> **Extracted data**:

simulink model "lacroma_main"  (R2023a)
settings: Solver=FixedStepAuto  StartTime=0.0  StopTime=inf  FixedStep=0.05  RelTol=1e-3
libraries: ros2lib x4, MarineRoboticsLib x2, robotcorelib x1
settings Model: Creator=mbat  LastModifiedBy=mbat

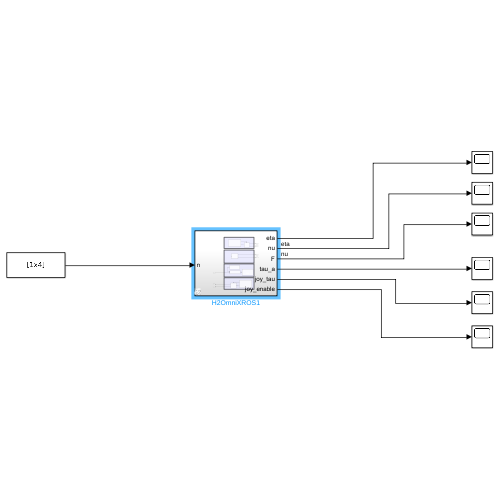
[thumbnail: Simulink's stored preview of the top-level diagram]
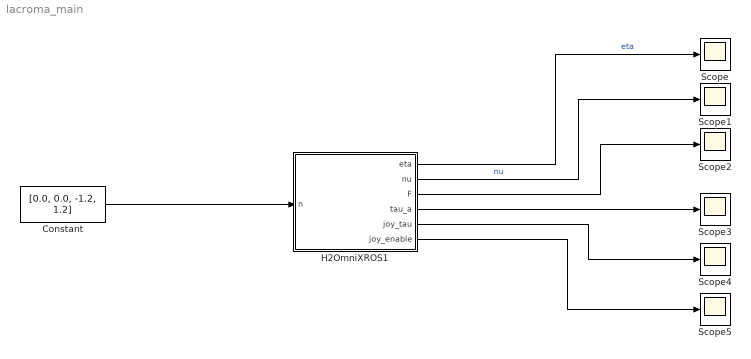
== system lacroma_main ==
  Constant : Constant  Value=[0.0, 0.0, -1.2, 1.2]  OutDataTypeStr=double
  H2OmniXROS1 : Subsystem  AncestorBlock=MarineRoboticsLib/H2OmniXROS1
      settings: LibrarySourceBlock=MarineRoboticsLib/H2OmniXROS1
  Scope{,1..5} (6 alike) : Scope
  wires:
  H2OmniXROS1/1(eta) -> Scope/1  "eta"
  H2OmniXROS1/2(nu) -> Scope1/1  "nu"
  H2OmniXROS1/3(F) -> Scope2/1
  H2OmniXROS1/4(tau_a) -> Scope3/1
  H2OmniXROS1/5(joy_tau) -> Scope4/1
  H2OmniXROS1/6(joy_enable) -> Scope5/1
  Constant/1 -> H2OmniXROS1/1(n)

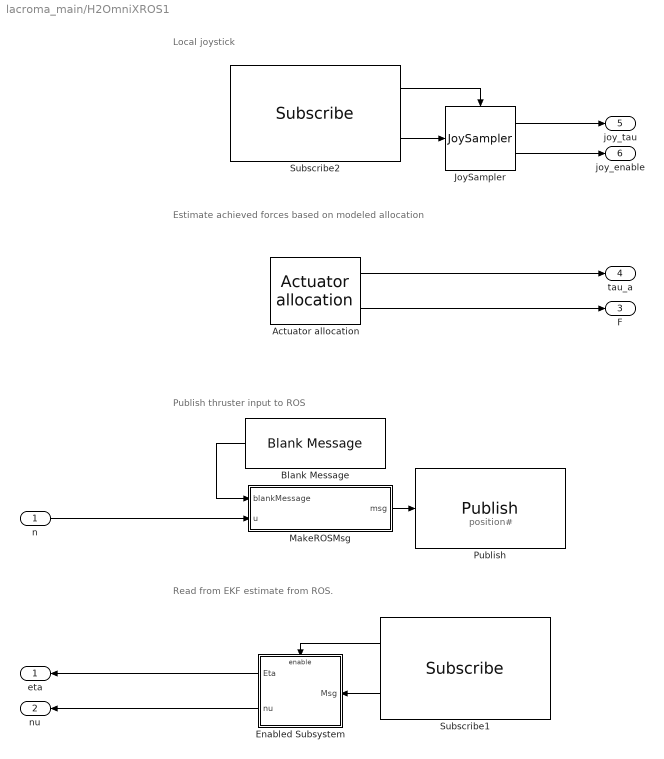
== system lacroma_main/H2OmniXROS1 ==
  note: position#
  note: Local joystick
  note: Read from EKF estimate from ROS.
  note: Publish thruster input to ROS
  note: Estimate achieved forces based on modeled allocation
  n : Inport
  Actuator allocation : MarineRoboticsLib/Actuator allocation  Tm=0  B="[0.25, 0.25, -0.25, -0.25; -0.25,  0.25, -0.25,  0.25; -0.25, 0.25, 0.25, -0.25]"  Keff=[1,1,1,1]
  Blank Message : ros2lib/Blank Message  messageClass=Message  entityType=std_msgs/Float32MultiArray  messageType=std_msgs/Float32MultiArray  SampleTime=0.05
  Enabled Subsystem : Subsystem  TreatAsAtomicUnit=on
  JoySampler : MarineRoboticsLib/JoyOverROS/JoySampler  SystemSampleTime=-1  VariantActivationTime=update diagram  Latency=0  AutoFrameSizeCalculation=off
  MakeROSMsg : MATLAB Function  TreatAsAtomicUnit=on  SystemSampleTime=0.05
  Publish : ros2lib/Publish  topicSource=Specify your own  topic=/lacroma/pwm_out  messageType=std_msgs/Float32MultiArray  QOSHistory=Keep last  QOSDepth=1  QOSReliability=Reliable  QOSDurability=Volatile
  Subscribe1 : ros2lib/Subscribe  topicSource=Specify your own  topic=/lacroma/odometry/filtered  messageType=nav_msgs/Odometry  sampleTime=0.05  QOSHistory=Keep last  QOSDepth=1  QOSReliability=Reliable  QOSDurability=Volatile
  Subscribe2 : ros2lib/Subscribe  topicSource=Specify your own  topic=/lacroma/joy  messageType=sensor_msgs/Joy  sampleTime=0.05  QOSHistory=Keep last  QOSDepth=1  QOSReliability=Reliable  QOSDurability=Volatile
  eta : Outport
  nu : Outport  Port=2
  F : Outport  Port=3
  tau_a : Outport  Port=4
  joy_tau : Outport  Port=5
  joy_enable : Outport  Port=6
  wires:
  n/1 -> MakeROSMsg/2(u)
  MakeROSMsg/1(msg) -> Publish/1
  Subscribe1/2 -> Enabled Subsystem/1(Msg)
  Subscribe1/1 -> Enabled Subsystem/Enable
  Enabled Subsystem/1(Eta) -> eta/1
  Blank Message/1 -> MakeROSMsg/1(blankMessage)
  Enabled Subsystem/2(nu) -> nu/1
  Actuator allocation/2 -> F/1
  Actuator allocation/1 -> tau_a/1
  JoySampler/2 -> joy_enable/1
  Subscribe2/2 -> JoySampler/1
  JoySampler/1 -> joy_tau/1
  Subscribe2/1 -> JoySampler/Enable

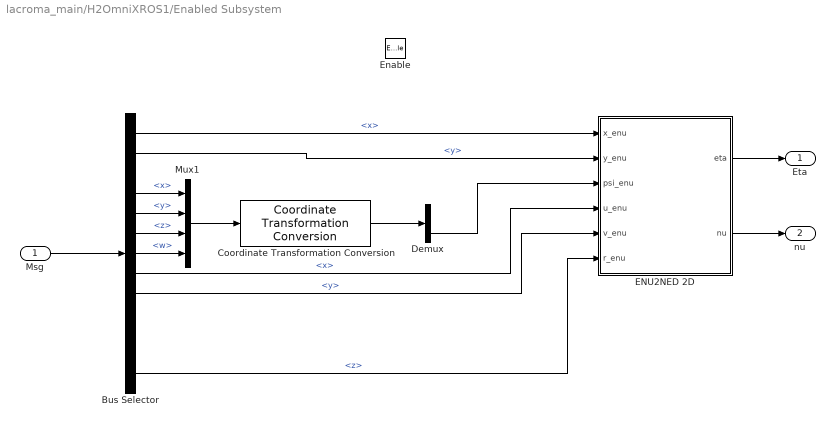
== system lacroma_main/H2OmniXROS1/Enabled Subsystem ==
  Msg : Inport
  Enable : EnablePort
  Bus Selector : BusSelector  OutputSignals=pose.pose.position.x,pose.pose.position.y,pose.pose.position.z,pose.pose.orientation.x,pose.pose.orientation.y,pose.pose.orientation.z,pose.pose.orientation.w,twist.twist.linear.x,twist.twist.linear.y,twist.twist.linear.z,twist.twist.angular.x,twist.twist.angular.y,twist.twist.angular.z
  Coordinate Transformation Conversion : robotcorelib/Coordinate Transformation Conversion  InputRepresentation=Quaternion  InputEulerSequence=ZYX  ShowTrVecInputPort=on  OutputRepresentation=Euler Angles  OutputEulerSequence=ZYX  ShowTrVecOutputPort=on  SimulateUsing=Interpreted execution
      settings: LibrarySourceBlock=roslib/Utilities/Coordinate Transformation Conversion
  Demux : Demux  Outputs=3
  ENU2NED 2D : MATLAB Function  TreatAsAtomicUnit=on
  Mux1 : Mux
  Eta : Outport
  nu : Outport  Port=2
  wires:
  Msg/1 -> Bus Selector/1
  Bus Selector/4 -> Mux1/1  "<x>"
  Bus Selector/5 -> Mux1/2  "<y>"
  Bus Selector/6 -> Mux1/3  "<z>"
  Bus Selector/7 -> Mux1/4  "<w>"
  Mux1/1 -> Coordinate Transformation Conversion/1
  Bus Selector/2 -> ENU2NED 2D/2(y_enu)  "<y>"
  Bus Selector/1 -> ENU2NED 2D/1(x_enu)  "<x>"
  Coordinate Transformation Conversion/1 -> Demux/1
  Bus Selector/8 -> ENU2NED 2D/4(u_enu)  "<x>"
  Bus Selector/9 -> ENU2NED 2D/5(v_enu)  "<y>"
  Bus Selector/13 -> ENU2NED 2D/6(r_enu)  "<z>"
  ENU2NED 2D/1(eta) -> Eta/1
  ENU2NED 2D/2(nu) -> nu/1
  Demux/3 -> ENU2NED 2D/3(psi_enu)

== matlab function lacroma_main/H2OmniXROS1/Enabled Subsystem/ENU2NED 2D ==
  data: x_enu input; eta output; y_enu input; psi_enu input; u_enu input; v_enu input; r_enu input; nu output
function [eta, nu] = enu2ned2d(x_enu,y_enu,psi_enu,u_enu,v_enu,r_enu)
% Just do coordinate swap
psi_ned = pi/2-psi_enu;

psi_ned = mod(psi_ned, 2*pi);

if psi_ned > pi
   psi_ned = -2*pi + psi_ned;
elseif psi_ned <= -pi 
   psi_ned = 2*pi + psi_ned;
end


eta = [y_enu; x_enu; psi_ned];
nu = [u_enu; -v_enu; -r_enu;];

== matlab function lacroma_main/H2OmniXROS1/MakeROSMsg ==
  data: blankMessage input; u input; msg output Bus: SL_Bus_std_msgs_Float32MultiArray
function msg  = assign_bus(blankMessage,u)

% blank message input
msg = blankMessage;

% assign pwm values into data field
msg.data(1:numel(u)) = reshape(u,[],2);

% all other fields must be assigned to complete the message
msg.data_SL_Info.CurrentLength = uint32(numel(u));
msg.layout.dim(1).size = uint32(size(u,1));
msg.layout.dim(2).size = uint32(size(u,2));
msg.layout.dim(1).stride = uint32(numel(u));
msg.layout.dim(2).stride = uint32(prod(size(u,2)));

> **Work item**: Retype each line of the data exactly, beginning with the first; include the line containing "Publish : ros2lib/Publish" and stop there, skipping every picture.

> **Result for this exercise**:
simulink model "lacroma_main"  (R2023a)
settings: Solver=FixedStepAuto  StartTime=0.0  StopTime=inf  FixedStep=0.05  RelTol=1e-3
libraries: ros2lib x4, MarineRoboticsLib x2, robotcorelib x1
settings Model: Creator=mbat  LastModifiedBy=mbat

[thumbnail: Simulink's stored preview of the top-level diagram]
== system lacroma_main ==
  Constant : Constant  Value=[0.0, 0.0, -1.2, 1.2]  OutDataTypeStr=double
  H2OmniXROS1 : Subsystem  AncestorBlock=MarineRoboticsLib/H2OmniXROS1
      settings: LibrarySourceBlock=MarineRoboticsLib/H2OmniXROS1
  Scope{,1..5} (6 alike) : Scope
  wires:
  H2OmniXROS1/1(eta) -> Scope/1  "eta"
  H2OmniXROS1/2(nu) -> Scope1/1  "nu"
  H2OmniXROS1/3(F) -> Scope2/1
  H2OmniXROS1/4(tau_a) -> Scope3/1
  H2OmniXROS1/5(joy_tau) -> Scope4/1
  H2OmniXROS1/6(joy_enable) -> Scope5/1
  Constant/1 -> H2OmniXROS1/1(n)

== system lacroma_main/H2OmniXROS1 ==
  note: position#
  note: Local joystick
  note: Read from EKF estimate from ROS.
  note: Publish thruster input to ROS
  note: Estimate achieved forces based on modeled allocation
  n : Inport
  Actuator allocation : MarineRoboticsLib/Actuator allocation  Tm=0  B="[0.25, 0.25, -0.25, -0.25; -0.25,  0.25, -0.25,  0.25; -0.25, 0.25, 0.25, -0.25]"  Keff=[1,1,1,1]
  Blank Message : ros2lib/Blank Message  messageClass=Message  entityType=std_msgs/Float32MultiArray  messageType=std_msgs/Float32MultiArray  SampleTime=0.05
  Enabled Subsystem : Subsystem  TreatAsAtomicUnit=on
  JoySampler : MarineRoboticsLib/JoyOverROS/JoySampler  SystemSampleTime=-1  VariantActivationTime=update diagram  Latency=0  AutoFrameSizeCalculation=off
  MakeROSMsg : MATLAB Function  TreatAsAtomicUnit=on  SystemSampleTime=0.05
  Publish : ros2lib/Publish  topicSource=Specify your own  topic=/lacroma/pwm_out  messageType=std_msgs/Float32MultiArray  QOSHistory=Keep last  QOSDepth=1  QOSReliability=Reliable  QOSDurability=Volatile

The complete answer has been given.